Fougeres was quite pleasant, despite the weather being a bit miserable and damp. We parked in the centre of the town and I started my search for a) an inexpensive moisturiser and b) a place to change some money. Within half an hour we had achieved one of our aims and Keith was certainly happier with more francs in his wallet! We wandered happily around and I bought a map of Mayenne which just about covered our part of the country. I never cease to find it amazing how large France is!

After Fougeres we got lost trying to find our way to St James. This is a little town near to an American War Cemetery and we had passed it the previous day. I remembered being taken to one in England by my parents and although Sophie was too young to understand the war we hoped she would learn a little from the experience.

We were the only ones visiting the cemetery. The others hadn't caught us up on this one yet, but they were doing their best to follow in our footsteps (they discovered the cemetery on Thursday after also visiting Fougeres and exclaiming how wonderful it all was, including the chateau that we had somehow managed to miss!).

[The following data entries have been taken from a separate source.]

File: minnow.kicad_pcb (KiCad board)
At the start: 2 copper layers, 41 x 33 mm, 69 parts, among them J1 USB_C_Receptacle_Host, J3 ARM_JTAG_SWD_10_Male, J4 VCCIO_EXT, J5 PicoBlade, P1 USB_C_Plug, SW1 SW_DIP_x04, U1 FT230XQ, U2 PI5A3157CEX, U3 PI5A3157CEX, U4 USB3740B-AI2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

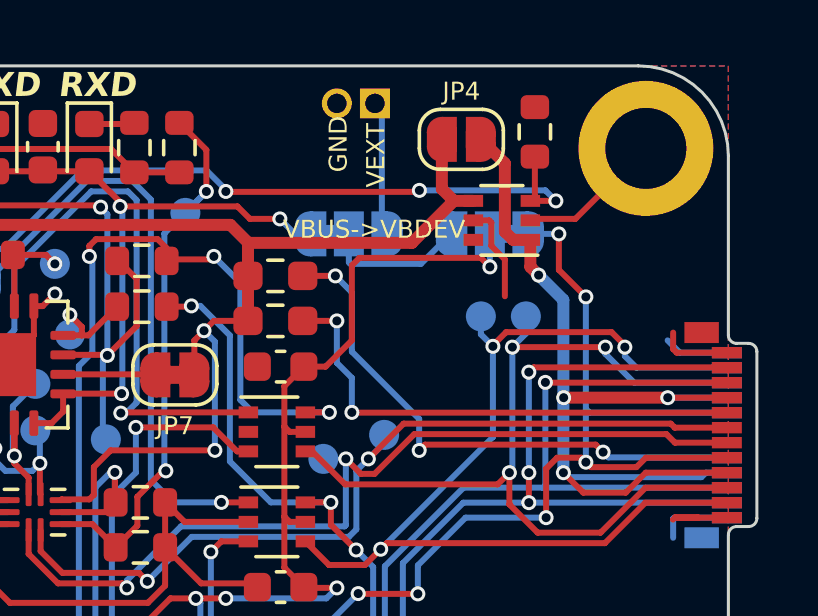
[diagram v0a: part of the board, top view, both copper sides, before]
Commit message: add a white LED for VBUS_DEV
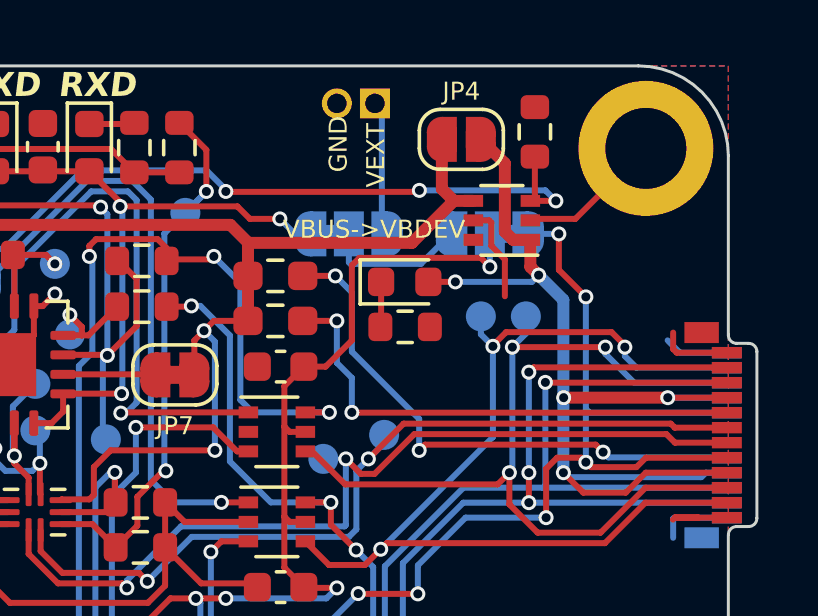
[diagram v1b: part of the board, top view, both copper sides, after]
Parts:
- added D4: WHITE, LED_SMD:LED_0603_1608Metric, F.Cu at (177.2, 45.2)
- added R16: 1k, Resistor_SMD:R_0603_1608Metric, F.Cu at (177.2, 46.7)
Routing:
- net /VBUS_DEV: track 31.6 -> 35.3 mm, vias 4 -> 5
- net Net-(D4-K): track 0.00 -> 1.51 mm

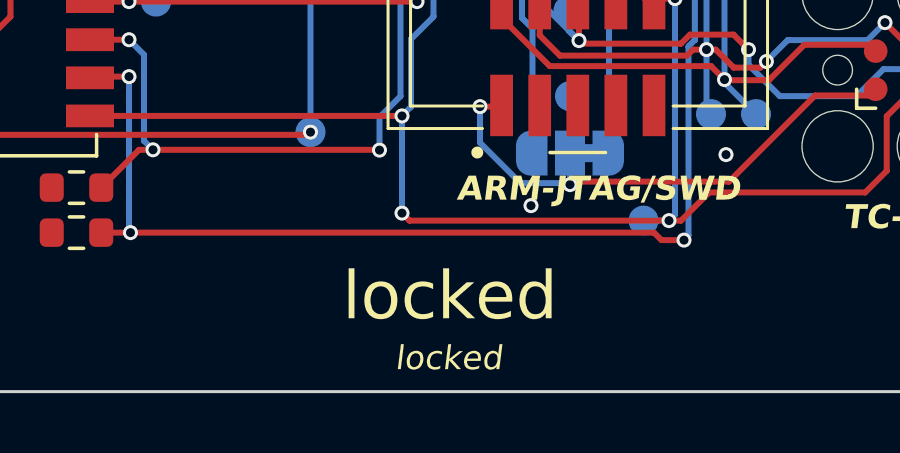
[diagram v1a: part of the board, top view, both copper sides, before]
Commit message: Update Files
Update Files to KiCad 8.0
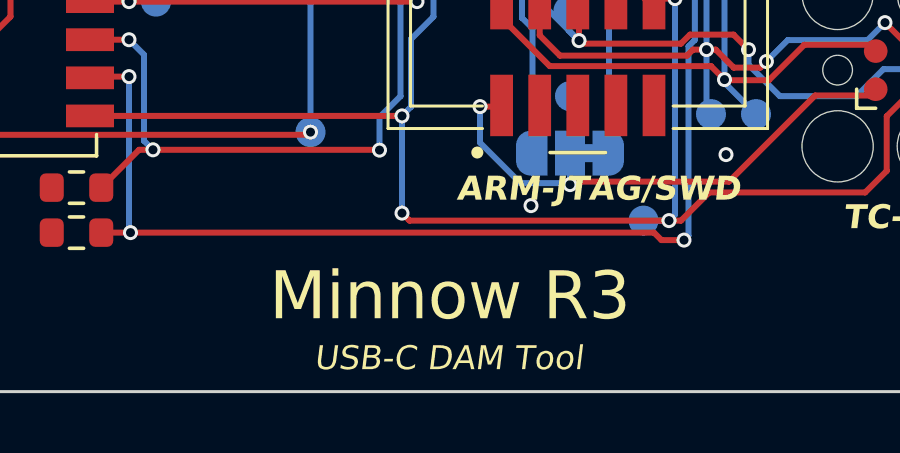
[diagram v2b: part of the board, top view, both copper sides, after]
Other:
- board text added: "Minnow R${REVISION}"
- board text added: "USB-C DAM Tool"
- board text removed: "locked"

The cemetery at St James was a very solemn and solitary place and we were all moved by the experience of seeing so many graves. They are all marked with a cross or a Jewish star and the sheer amount of them was very upsetting. We tried to read them but it would have been impossible to look at every one of them. Each grave had the name and rank of the dead soldier and the date they died. A lot of them fell in August or September when the allies broke out of the beach head on the coast. Sadly, many of them had no names. After walking around the graves we visited the church where we could read about the history and look at maps of the area. All of the beautiful, peaceful countryside we had driven through had been affected by the war and it was hard to imagine such bloodshed taking place.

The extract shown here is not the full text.